*Problem statement*. Copy word for word, please, the lines of the entries below running from the one containing "blk = doc.blocks.new('*D300')" to the one containing "blk.add_blockref('_Oblique', (112151, 191256), dxfattribs=at)", both ends included.

Data excerpts:
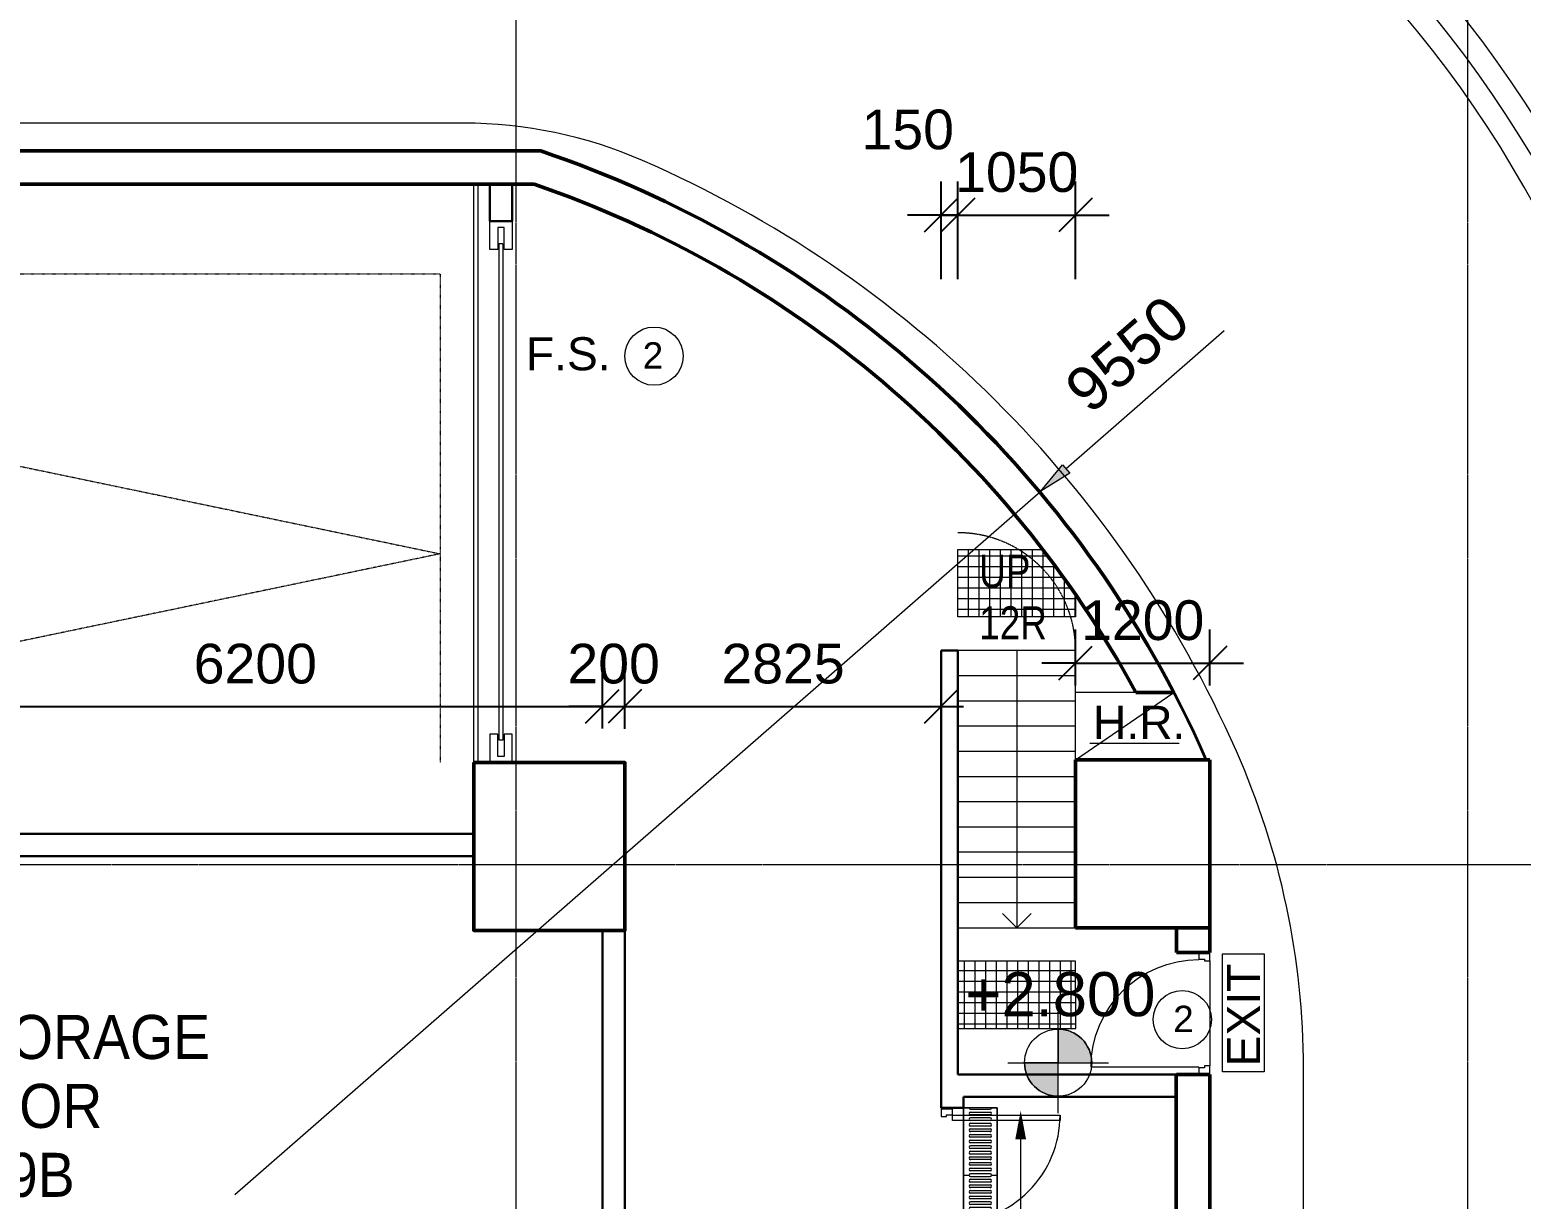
# Model space of a CAD drawing. Header units: millimetres. Extents: x -309924 to 219496, y -330797 to 211873.
# Drawn here: x 104012 to 117331, y 182469 to 192909 of the extents above; entities that cross this region are included whole.
import ezdxf

# ---------------------------------------------------------------- set-up
doc = ezdxf.new("R2010")
doc.units = ezdxf.units.MM
for name, pattern in [('Grid Line', [21, 12, -3, 3, -3]), ('Hidden', [2.25, 1, -1.25]), ('Overhead', [1.8, 1.2, -0.6])]:
    doc.linetypes.add(name, pattern=pattern)
for name, color, linetype, lineweight in [('A-325-M_DOOR', 7, 'Continuous', 13), ('A-ANNO-DIMS', 7, 'Continuous', 9), ('A-ANNO-NOTE', 7, 'Continuous', 5), ('A-ANNO-NOTE-1', 7, 'Continuous', 20), ('A-DETL', 102, 'Continuous', 5), ('A-DETL-GENF', 7, 'Continuous', 5), ('A-DETL-GENF-HDLN', 7, 'Hidden', 5), ('A-DOOR', 7, 'Continuous', 5), ('A-FLOR', 7, 'Continuous', 18), ('A-WALL', 113, 'Continuous', 9), ('A-WALL-2', 7, 'Continuous', 35), ('G-ANNO-DIMS', 7, 'Continuous', 5), ('G-ANNO-TEXT', 7, 'Continuous', 5), ('I-WALL', 7, 'Continuous', 9), ('OAP280_C', 210, 'Continuous', 50), ('OAP280_W', 210, 'Continuous', 50), ('Q-SPCQ', 7, 'Continuous', 5), ('Q-SPCQ-HDLN', 7, 'Overhead', 5), ('S-COLS-2', 7, 'Continuous', 35), ('S-COLS-3', 7, 'Continuous', 13), ('S-GRID-1', 7, 'Grid Line', 5), ('S-STRS', 7, 'Continuous', 5), ('Surface Channel', 255, 'Continuous', 5)]:
    doc.layers.add(name, color=color, linetype=linetype, lineweight=lineweight)
doc.styles.add('Arial_1', font='arial.ttf', dxfattribs={"height": 393.413174})
doc.styles.add('Arial_11', font='arial.ttf', dxfattribs={"height": 354.071856})
doc.styles.add('Arial_2', font='arial.ttf', dxfattribs={"height": 1.475299})
doc.styles.add('Arial_3', font='arial.ttf', dxfattribs={"height": 1.081886})
doc.styles.add('Arial_5', font='arial.ttf', dxfattribs={"width": 0.9, "height": 393.413174})
doc.styles.add('Arial_6', font='arial.ttf', dxfattribs={"height": 1.18024})
doc.styles.add('Arial_8', font='arial.ttf', dxfattribs={"width": 0.8, "height": 295.05988})
doc.dimstyles.new('Diagonal_-_2_0mm_Arial', dxfattribs={"dimscale": 304.8, "dimtxt": 500, "dimasz": 0.984252, "dimexe": 0.984252, "dimexo": 0.984252, "dimgap": 0.656168, "dimtad": 1, "dimdec": 0, "dimrnd": 5, "dimzin": 0, "dimdsep": 46, "dimtxsty": 'Arial_11', "dimblk1": 'OBLIQUE', "dimblk2": 'OBLIQUE', "dimsah": 1, "dimcen": 0.09, "dimdle": 0.656168, "dimadec": 0, "dimazin": 0, "dimtfac": 1, "dimtdec": 4, "dimtix": 1, "dimtmove": 0, "dimatfit": 3, "dimfxl": 1, "dimtvp": 1, "dimtolj": 1, "dimtzin": 0, "dimarcsym": 2})

# ---------------------------------------------------------------- blocks, each defined once
blk = doc.blocks.new('Spot Elevations - Spot Elevation - Exterior Filled-23614-B2_F PLAN _2 OF 2_')
at = {"layer": 'G-ANNO-DIMS'}
h = blk.add_hatch(color=256, dxfattribs=at)
edge = h.paths.add_edge_path(flags=0)
edge.add_arc((-2.24, 2.25), 1.5, 0, 90, ccw=False)
edge.add_line((-0.74, 2.25), (-2.24, 2.25))
edge.add_line((-2.24, 2.25), (-2.24, 3.75))
h = blk.add_hatch(color=256, dxfattribs=at)
edge = h.paths.add_edge_path(flags=0)
edge.add_arc((-2.24, 2.25), 1.5, 180, 270, ccw=False)
edge.add_line((-3.74, 2.25), (-2.24, 2.25))
edge.add_line((-2.24, 2.25), (-2.24, 0.75))
for p, q in [((-2.24, 0), (-2.24, 4.5)), ((-2.24, 3.75), (-2.24, 2.25)), ((-4.49, 2.25), (0.01, 2.25)), ((-2.24, 2.25), (-3.74, 2.25)), ((-2.24, 0.75), (-2.24, 2.25)), ((-2.24, 2.25), (-0.74, 2.25))]:
    blk.add_line(p, q, dxfattribs=at)
blk.add_circle((-2.24, 2.25), 1.5, dxfattribs=at)
for start, end in [(360, 90), (180, 270)]:
    blk.add_arc((-2.24, 2.25), 1.5, start, end, dxfattribs=at)
blk = doc.blocks.new('ARC_ANN_FIRE-RATING_two_ - none-909955-B2_F PLAN _2 OF 2_')
at = {"layer": 'A-ANNO-NOTE'}
blk.add_circle((0, 0), 1.3, dxfattribs=at)
at = {"layer": 'A-ANNO-NOTE', "insert": (-0.05, 0.62), "char_height": 1.18, "width": 1.0944, "attachment_point": 2, "line_spacing_factor": 0.938532, "style": 'Arial_6'}
blk.add_mtext('2', dxfattribs=at)
blk = doc.blocks.new('ARC_ANN_FIRE SHUTTER - 1-5166234-B2_F PLAN _2 OF 2_')
at = {"layer": 'A-ANNO-NOTE', "insert": (0.406, 1.662), "char_height": 1.4753, "width": 4.5, "attachment_point": 2, "line_spacing_factor": 0.938532, "style": 'Arial_2'}
blk.add_mtext('F.S.', dxfattribs=at)
blk = doc.blocks.new('ARC_ANN_EXIT - ARC_ANN_EXIT-878429-B2_F PLAN _2 OF 2_')
at = {"layer": 'A-ANNO-NOTE'}
for p, q in [((-2.124, 0), (-2.124, 1.862)), ((-2.124, 1.862), (3.134, 1.862)), ((3.134, 1.862), (3.134, 0)), ((3.134, 0), (-2.124, 0))]:
    blk.add_line(p, q, dxfattribs=at)
at = {"layer": 'A-ANNO-NOTE', "insert": (0.406, 1.662), "char_height": 1.4753, "width": 5.454, "attachment_point": 2, "line_spacing_factor": 0.938532, "style": 'Arial_2'}
blk.add_mtext('EXIT', dxfattribs=at)
blk = doc.blocks.new('ARC_DOOR_T10_SINGLE_BASIC - 900x2100mm-44756418-A3_B2_F')
at = {"layer": 'A-DOOR'}
blk.add_line((481, -50), (481, 912), dxfattribs=at)
at = {"layer": 'A-DOOR', "lineweight": 9}
for p, q in [((-544, -50), (-484, -50)), ((-544, -150), (-544, -50)), ((-484, -50), (-484, -103)), ((-484, -103), (-469, -103)), ((-469, -103), (-469, -150)), ((469, -150), (469, -103)), ((469, -103), (484, -103)), ((484, -50), (544, -50)), ((484, -103), (484, -50)), ((544, -50), (544, -150)), ((-469, -150), (-544, -150)), ((544, -150), (469, -150))]:
    blk.add_line(p, q, dxfattribs=at)
at = {"layer": 'A-DOOR'}
blk.add_arc((481, -50), 962, 90, 180, dxfattribs=at)
blk = doc.blocks.new('ARC_DOOR_TIMBER_T10-PT-R - 900x2100mm-V15-B2_F 1-100')
at = {"layer": 'A-325-M_DOOR', "color": 7, "lineweight": 5}
for p, q in [((-469, 100), (-544, 100)), ((-544, 0), (-484, 0)), ((-534, 0), (-534, 100)), ((-484, 0), (-484, 53)), ((-484, 53), (-469, 53)), ((-469, 53), (-469, 100)), ((431, 0), (481, 0)), ((431, -962), (431, 0)), ((544, 100), (469, 100)), ((469, 100), (469, 53)), ((469, 53), (484, 53)), ((481, 0), (481, -962)), ((484, 53), (484, 0)), ((484, 0), (544, 0)), ((534, 0), (534, 100)), ((481, -962), (431, -962))]:
    blk.add_line(p, q, dxfattribs=at)
blk.add_arc((481, 0), 962, 180, 270, dxfattribs=at)
blk = doc.blocks.new('_Oblique')
at = {"color": 0, "linetype": 'ByBlock', "lineweight": -2}
blk.add_line((-0.5, -0.5), (0.5, 0.5), dxfattribs=at)
blk = doc.blocks.new('*D212')
at = {"layer": 'A-ANNO-DIMS', "color": 0, "lineweight": -2, "transparency": 16777216}
for p, q in [((102926, 186668), (102926, 187168)), ((109126, 186670), (109126, 187168)), ((102726, 186868), (109326, 186868))]:
    blk.add_line(p, q, dxfattribs=at)
at = {"layer": 'Defpoints', "color": 0, "transparency": 16777216}
for p in [(109126, 186868), (102926, 186368), (109126, 186370)]:
    blk.add_point(p, dxfattribs=at)
at = {"layer": 'A-ANNO-DIMS', "color": 0, "lineweight": -2, "transparency": 16777216, "xscale": 299.9999999999999, "yscale": 299.9999999999999, "zscale": 299.9999999999999, "rotation": 180}
blk.add_blockref('_Oblique', (102926, 186868), dxfattribs=at)
at = {"layer": 'A-ANNO-DIMS', "color": 0, "lineweight": -2, "transparency": 16777216, "xscale": 299.9999999999999, "yscale": 299.9999999999999, "zscale": 299.9999999999999}
blk.add_blockref('_Oblique', (109126, 186868), dxfattribs=at)
at = {"layer": 'A-ANNO-DIMS', "color": 0, "transparency": 16777216, "insert": (106026, 187248), "char_height": 354.1, "attachment_point": 5, "style": 'Arial_11'}
blk.add_mtext('\\A1;6200', dxfattribs=at)
blk = doc.blocks.new('*D215')
at = {"layer": 'A-ANNO-DIMS', "color": 0, "lineweight": -2, "transparency": 16777216}
for p, q in [((109326, 186668), (109326, 187168)), ((112151, 186685), (112151, 187168)), ((109126, 186868), (112351, 186868))]:
    blk.add_line(p, q, dxfattribs=at)
at = {"layer": 'Defpoints', "color": 0, "transparency": 16777216}
for p in [(112151, 186868), (109326, 186368), (112151, 186385)]:
    blk.add_point(p, dxfattribs=at)
at = {"layer": 'A-ANNO-DIMS', "color": 0, "lineweight": -2, "transparency": 16777216, "xscale": 299.9999999999999, "yscale": 299.9999999999999, "zscale": 299.9999999999999, "rotation": 180}
blk.add_blockref('_Oblique', (109326, 186868), dxfattribs=at)
at = {"layer": 'A-ANNO-DIMS', "color": 0, "lineweight": -2, "transparency": 16777216, "xscale": 299.9999999999999, "yscale": 299.9999999999999, "zscale": 299.9999999999999}
blk.add_blockref('_Oblique', (112151, 186868), dxfattribs=at)
at = {"layer": 'A-ANNO-DIMS', "color": 0, "transparency": 16777216, "insert": (110739, 187248), "char_height": 354.1, "attachment_point": 5, "style": 'Arial_11'}
blk.add_mtext('\\A1;2825', dxfattribs=at)
blk = doc.blocks.new('*D216')
at = {"layer": 'A-ANNO-DIMS', "color": 0, "lineweight": -2, "transparency": 16777216}
for p, q in [((113351, 187055), (113351, 187555)), ((114551, 187055), (114551, 187555)), ((113351, 187255), (113051, 187255)), ((113351, 187255), (114551, 187255)), ((114551, 187255), (114851, 187255))]:
    blk.add_line(p, q, dxfattribs=at)
at = {"layer": 'Defpoints', "color": 0, "transparency": 16777216}
for p in [(114551, 187255), (113351, 186755), (114551, 186755)]:
    blk.add_point(p, dxfattribs=at)
at = {"layer": 'A-ANNO-DIMS', "color": 0, "lineweight": -2, "transparency": 16777216, "xscale": 299.9999999999999, "yscale": 299.9999999999999, "zscale": 299.9999999999999}
blk.add_blockref('_Oblique', (113351, 187255), dxfattribs=at)
at = {"layer": 'A-ANNO-DIMS', "color": 0, "lineweight": -2, "transparency": 16777216, "xscale": 299.9999999999999, "yscale": 299.9999999999999, "zscale": 299.9999999999999, "rotation": 180}
blk.add_blockref('_Oblique', (114551, 187255), dxfattribs=at)
at = {"layer": 'A-ANNO-DIMS', "color": 0, "transparency": 16777216, "insert": (113951, 187636), "char_height": 354.1, "attachment_point": 5, "style": 'Arial_11'}
blk.add_mtext('\\A1;1200', dxfattribs=at)
blk = doc.blocks.new('*D298')
at = {"layer": 'A-ANNO-DIMS', "color": 0, "lineweight": -2, "transparency": 16777216}
for p, q in [((109126, 186670), (109126, 187168)), ((109326, 186668), (109326, 187168)), ((109126, 186868), (108826, 186868)), ((109126, 186868), (109326, 186868)), ((109326, 186868), (109626, 186868))]:
    blk.add_line(p, q, dxfattribs=at)
at = {"layer": 'Defpoints', "color": 0, "transparency": 16777216}
for p in [(109326, 186868), (109126, 186370), (109326, 186368)]:
    blk.add_point(p, dxfattribs=at)
at = {"layer": 'A-ANNO-DIMS', "color": 0, "lineweight": -2, "transparency": 16777216, "xscale": 299.9999999999999, "yscale": 299.9999999999999, "zscale": 299.9999999999999}
blk.add_blockref('_Oblique', (109126, 186868), dxfattribs=at)
at = {"layer": 'A-ANNO-DIMS', "color": 0, "lineweight": -2, "transparency": 16777216, "xscale": 299.9999999999999, "yscale": 299.9999999999999, "zscale": 299.9999999999999, "rotation": 180}
blk.add_blockref('_Oblique', (109326, 186868), dxfattribs=at)
at = {"layer": 'A-ANNO-DIMS', "color": 0, "transparency": 16777216, "insert": (109226, 187248), "char_height": 354.1, "attachment_point": 5, "style": 'Arial_11'}
blk.add_mtext('\\A1;200', dxfattribs=at)
blk = doc.blocks.new('*D300')
at = {"layer": 'A-ANNO-DIMS', "color": 0, "lineweight": -2, "transparency": 16777216}
for p, q in [((112151, 190683), (112151, 191556)), ((112301, 190683), (112301, 191556)), ((112151, 191256), (111851, 191256)), ((112151, 191256), (112301, 191256)), ((112301, 191256), (112601, 191256))]:
    blk.add_line(p, q, dxfattribs=at)
at = {"layer": 'Defpoints', "color": 0, "transparency": 16777216}
for p in [(112301, 191256), (112151, 190383), (112301, 190383)]:
    blk.add_point(p, dxfattribs=at)
at = {"layer": 'A-ANNO-DIMS', "color": 0, "lineweight": -2, "transparency": 16777216, "xscale": 299.9999999999999, "yscale": 299.9999999999999, "zscale": 299.9999999999999}
blk.add_blockref('_Oblique', (112151, 191256), dxfattribs=at)
at = {"layer": 'A-ANNO-DIMS', "color": 0, "lineweight": -2, "transparency": 16777216, "xscale": 299.9999999999999, "yscale": 299.9999999999999, "zscale": 299.9999999999999, "rotation": 180}
blk.add_blockref('_Oblique', (112301, 191256), dxfattribs=at)
at = {"layer": 'A-ANNO-DIMS', "color": 0, "transparency": 16777216, "insert": (111853, 192018), "char_height": 354.1, "attachment_point": 5, "style": 'Arial_11'}
blk.add_mtext('\\A1;150', dxfattribs=at)
blk = doc.blocks.new('*D301')
at = {"layer": 'A-ANNO-DIMS', "color": 0, "lineweight": -2, "transparency": 16777216}
for p, q in [((112301, 190683), (112301, 191556)), ((113351, 190683), (113351, 191556)), ((112301, 191256), (112001, 191256)), ((112301, 191256), (113351, 191256)), ((113351, 191256), (113651, 191256))]:
    blk.add_line(p, q, dxfattribs=at)
at = {"layer": 'Defpoints', "color": 0, "transparency": 16777216}
for p in [(113351, 191256), (112301, 190383), (113351, 190383)]:
    blk.add_point(p, dxfattribs=at)
at = {"layer": 'A-ANNO-DIMS', "color": 0, "lineweight": -2, "transparency": 16777216, "xscale": 299.9999999999999, "yscale": 299.9999999999999, "zscale": 299.9999999999999}
blk.add_blockref('_Oblique', (112301, 191256), dxfattribs=at)
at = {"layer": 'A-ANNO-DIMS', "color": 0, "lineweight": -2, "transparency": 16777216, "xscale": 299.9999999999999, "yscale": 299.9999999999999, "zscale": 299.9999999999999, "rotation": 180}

*Your response*.
blk = doc.blocks.new('*D300')
at = {"layer": 'A-ANNO-DIMS', "color": 0, "lineweight": -2, "transparency": 16777216}
for p, q in [((112151, 190683), (112151, 191556)), ((112301, 190683), (112301, 191556)), ((112151, 191256), (111851, 191256)), ((112151, 191256), (112301, 191256)), ((112301, 191256), (112601, 191256))]:
    blk.add_line(p, q, dxfattribs=at)
at = {"layer": 'Defpoints', "color": 0, "transparency": 16777216}
for p in [(112301, 191256), (112151, 190383), (112301, 190383)]:
    blk.add_point(p, dxfattribs=at)
at = {"layer": 'A-ANNO-DIMS', "color": 0, "lineweight": -2, "transparency": 16777216, "xscale": 299.9999999999999, "yscale": 299.9999999999999, "zscale": 299.9999999999999}
blk.add_blockref('_Oblique', (112151, 191256), dxfattribs=at)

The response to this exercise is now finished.